◆ **Assigned task**:
Your reply should be an exact copy of every entry, with the pictures removed.
= = = = =
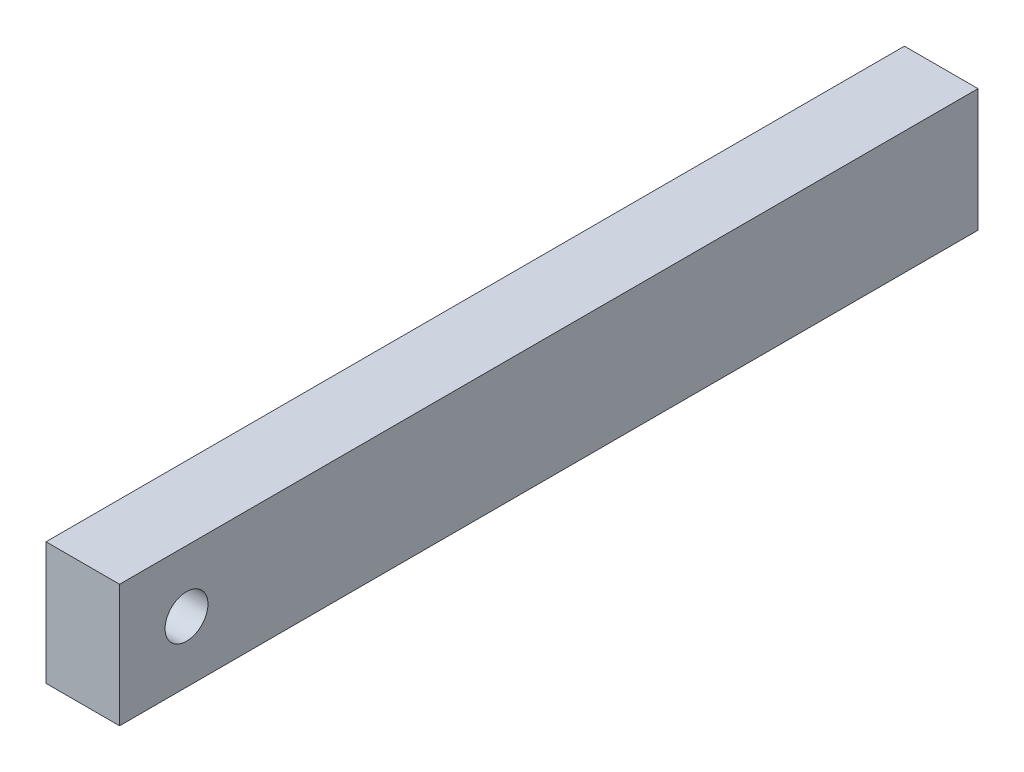
from build123d import *

# Parameters (mm, degrees)
ESBO_O1_W                = 6
ESBO_O1_H                = 10
RESSALTO_EXTRUS_O1_DEPTH = 70
ESBO_O2_R                = 1.75
CORTE_EXTRUS_O1_DEPTH    = 71.434366612


with BuildPart() as part:
    # Esboço1 → Ressalto-extrusão1 (new body)
    with BuildSketch(Plane.XY):
        Rectangle(ESBO_O1_W, ESBO_O1_H)
    extrude(amount=RESSALTO_EXTRUS_O1_DEPTH)

    # Esboço2 → Corte-extrusão1 (cut, through all)
    with BuildSketch(Plane(origin=(3, 0, 0), x_dir=(0, 0, -1), z_dir=(1, 0, 0))):
        with Locations((-64.542442941, 0)):
            Circle(ESBO_O2_R)
    extrude(amount=-CORTE_EXTRUS_O1_DEPTH, mode=Mode.SUBTRACT)


solid = part.part
= = = = =
◆ **Exercise answer**:
from build123d import *

# Parameters (mm, degrees)
ESBO_O1_W                = 6
ESBO_O1_H                = 10
RESSALTO_EXTRUS_O1_DEPTH = 70
ESBO_O2_R                = 1.75
CORTE_EXTRUS_O1_DEPTH    = 71.434366612


with BuildPart() as part:
    # Esboço1 → Ressalto-extrusão1 (new body)
    with BuildSketch(Plane.XY):
        Rectangle(ESBO_O1_W, ESBO_O1_H)
    extrude(amount=RESSALTO_EXTRUS_O1_DEPTH)

    # Esboço2 → Corte-extrusão1 (cut, through all)
    with BuildSketch(Plane(origin=(3, 0, 0), x_dir=(0, 0, -1), z_dir=(1, 0, 0))):
        with Locations((-64.542442941, 0)):
            Circle(ESBO_O2_R)
    extrude(amount=-CORTE_EXTRUS_O1_DEPTH, mode=Mode.SUBTRACT)


solid = part.part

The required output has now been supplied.